If the message is addressed only to Postmaster, the recipient is not
verified, so there are no users to check, spamassassin is not invoked,
and the message is never rejected. However, if postmaster is an alias
for joe, and the message is addressed also to joe directly, then joe
will be in the spamassassin list, and the message may be rejected.

If mail is sent only to an alias that expands to several local users,
then the message will not be scanned for spam. If the message is also
set directly to some users, then spamassassin will get run for those
users, and the message may be rejected.

If local user jane forwards her mail to joe, then joe will get the
message with jane's spamassassin configuration. If joe is also listed
directly as a recipient, then joe will get the message with two sets
of headers. Similarly if jane's .forward includes "jane", she will
get the headers applied twice.

Here is the code from my configuration file. Enjoy, but use at your
own risk. I welcome warnings about terrible mistakes that I've made,
suggestions for cleaner implementation, offers to add an iteration
facility to exim acl's, etc.

                                        Ken Olum

----------------------------------------------------------------------

First, I use some macro definition:

----------------------------------------------------------------------
# Header to use for spam reports. You might want your host name in
# this tag to avoid confusion with reports from other hosts.
SPAMTAG= X-Spam-Report

# Register usage:

# List of local users to for spam checking. Each user is followed by " : "
SPAM_USERS = acl_m1
# Current user being checked
SPAM_USER = acl_m2
# List of users who think this message is spam.
# Multiple users are separated by " : ", so this is a local_part_list
SPAM_REJECTERS = acl_m3
# List of spam reports in the format userxxx = "report" useryyy = "report"
# where xxx and yyy are local usernames. The "user" is to prevent getting
# the wrong version of extract for all-numeric usernames.
SPAM_REPORTS = acl_m4
----------------------------------------------------------------------

Then I replaced my code in acl_check_rcpt for accepting messages to
local addresses with the following code which maintains the list of
users to run spamassassin for.

----------------------------------------------------------------------
# Local domains: deny unless recipient can be verified.

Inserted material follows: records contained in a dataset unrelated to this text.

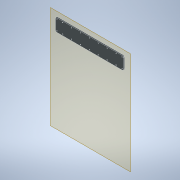
# Autodesk Inventor part: Крышка картера 3
Saved by Autodesk Inventor 2021 (Build 250183000, 183)
## iProperties
Created: 2020-12-12
Part Number: Крышка картера 3
Material: Чугун, серый
Document SubType Name: Modeling
Designer: Тимоха
Mass: 6605.63 g
Surface Area: 2059.71 cm^2
Volume: 923.865 cm^3
Density: 7.15 g/cm^3
Appearance: Чугун серый
Author: Тимоха
Autodesk Inventor part; units mm, degrees
ref_plane "YZ Plane" through (0, 0, 0) normal (1, 0, 0) x (0, 1, 0)
ref_plane "XZ Plane" through (0, 0, 0) normal (0, 1, 0) x (-1, 0, 0)
ref_plane "XY Plane" through (0, 0, 0) normal (0, 0, 1) x (1, 0, 0)
ref_plane "РабПлоскость1" through (0, 0, 0) normal (0, 0, 1) x (1, 0, 0)
sketch "Эскиз1" plane through (0, 0, 0) normal (0, 0, 1) x (1, 0, 0)
  circle A0 centre (340, 472) radius 4 projected
  circle A1 centre (340, 367) radius 4 projected
  circle A2 centre (340, 322.8) radius 4 projected
  circle A3 centre (340, 218.5) radius 4 projected
  circle A4 centre (340, 114.2) radius 4 projected
  circle A5 centre (340, 9.9) radius 4 projected
  circle A6 centre (340, -94.4) radius 4 projected
  circle A7 centre (340, -198.7) radius 4 projected
  circle A8 centre (340, -303) radius 4 projected
  circle A9 centre (340, -347) radius 4 projected
  circle A10 centre (340, -407) radius 4 projected
  circle A11 centre (340, -467) radius 4 projected
  circle A12 centre (278, 472) radius 4 projected
  circle A13 centre (185, 472) radius 4 projected
  circle A14 centre (92, 472) radius 4 projected
  circle A15 centre (-1, 472) radius 4 projected
  circle A16 centre (-94, 472) radius 4 projected
  circle A17 centre (-187, 472) radius 4 projected
  circle A18 centre (-280, 472) radius 4 projected
  circle A19 centre (-340, 472) radius 4 projected
  circle A20 centre (-340, 367) radius 4 projected
  circle A21 centre (-340, 322.8) radius 4 projected
  circle A22 centre (-340, 218.5) radius 4 projected
  circle A23 centre (-340, 114.2) radius 4 projected
  circle A24 centre (-340, 9.9) radius 4 projected
  circle A25 centre (-340, -94.4) radius 4 projected
  circle A26 centre (-340, -198.7) radius 4 projected
  circle A27 centre (-340, -303) radius 4 projected
  circle A28 centre (-340, -347) radius 4 projected
  circle A29 centre (-340, -407) radius 4 projected
  circle A30 centre (-340, -467) radius 4 projected
  line L0 (165, -460) -> (165, -485) projected
  line L1 (185, -485) -> (165, -485) projected
  line L2 (185, -475) -> (185, -485) projected
  line L3 (185, -475) -> (380, -475) projected
  line L4 (380, -475) -> (380, 475) projected
  line L5 (380, 475) -> (350, 475) projected
  line L6 (350, 475) -> (350, 485) projected
  line L7 (-350, 485) -> (350, 485) projected
  line L8 (-350, 475) -> (-350, 485) projected
  line L9 (-350, 475) -> (-380, 475) projected
  line L10 (-380, 475) -> (-380, -475) projected
  line L11 (-380, -475) -> (-185, -475) projected
  line L12 (-185, -475) -> (-185, -485) projected
  line L13 (-165, -485) -> (-185, -485) projected
  line L14 (-165, -485) -> (-165, -460) projected
  line L15 (-165, -460) -> (-330, -460) projected
  line L16 (-330, 460) -> (-330, -460) projected
  line L17 (-330, 460) -> (330, 460) projected
  line L18 (330, -460) -> (330, 460) projected
  line L19 (330, -460) -> (165, -460) projected
  circle A31 centre (278, 367) radius 4 projected
  circle A32 centre (185, 367) radius 4 projected
  circle A33 centre (92, 367) radius 4 projected
  circle A34 centre (-1, 367) radius 4 projected
  circle A35 centre (-94, 367) radius 4 projected
  circle A36 centre (-187, 367) radius 4 projected
  circle A37 centre (-280, 367) radius 4 projected
  circle A38 centre (278, 323) radius 4 projected
  circle A39 centre (185, 323) radius 4 projected
  circle A40 centre (92, 323) radius 4 projected
  circle A41 centre (-1, 323) radius 4 projected
  circle A42 centre (-94, 323) radius 4 projected
  circle A43 centre (-187, 323) radius 4 projected
  circle A44 centre (-280, 323) radius 4 projected
  line L20 (-330, 379) -> (-330, 311) projected
  line L21 (-330, 311) -> (330, 311) projected
  line L22 (330, 379) -> (330, 311) projected
  line L23 (-330, 379) -> (330, 379) projected
  circle A45 centre (340, 367) radius 14
  circle A46 centre (-340, 367) radius 14
  circle A47 centre (-340, 472) radius 14
  circle A48 centre (340, 472) radius 14
  line L24 (354, 472) -> (354, 367)
  line L25 (340, 353) -> (-340, 353)
  line L26 (-354, 367) -> (-354, 472)
  point P0 (0, 0)
  point P1 (353.6748, 475)
  point P2 (350, 481.798)
  point P3 (345.1962, 485)
  point P4 (-345.1962, 485)
  point P5 (-350, 481.798)
  point P6 (-353.6748, 475)
  dimension "d0" = 10
  dimension "d1" = 10
  dimension "d2" = 10
  dimension "d3" = 10
  constraints: 6 end point, 4 point on circle, 2 centre point, 2 vertical, 1 perpendicular, 1 tangent, 6 other
  measures "d0" radial gap between concentric circles of A1 A45
  measures "d1" radial gap between concentric circles of A20 A46
extrude "Выдавливание1" add sketch "Эскиз1" along normal blind 10 contours L25 L16 A46 L23 L18 A45 | L18 A45 L25 | A45 L18 | L18 A45 | L25 A46 L16 | L18 L17 L16 A46 L26 A47 L7 A48 L24 A45 | A46 L16 | L16 A46 | A48 L7 L6 L5 | L23 L16 L17 L18 | A48 L7 L6 | A47 L9 L8 L7 | A47 L8 L7

  deny  domains       = +local_domains
        message       = unknown user
        !verify        = recipient

# Now accept if local domain. But first if there is address_data, add it to
# list of local users to scan for spam, unless it is there already.

  accept domains       = +local_domains
    condition = ${if def:address_data}
    !condition = ${if match {$SPAM_USERS}{$address_data :}}
    set SPAM_USERS = $address_data : $SPAM_USERS

  accept domains       = +local_domains
----------------------------------------------------------------------

Now at the end of acl_check_data, I put the following.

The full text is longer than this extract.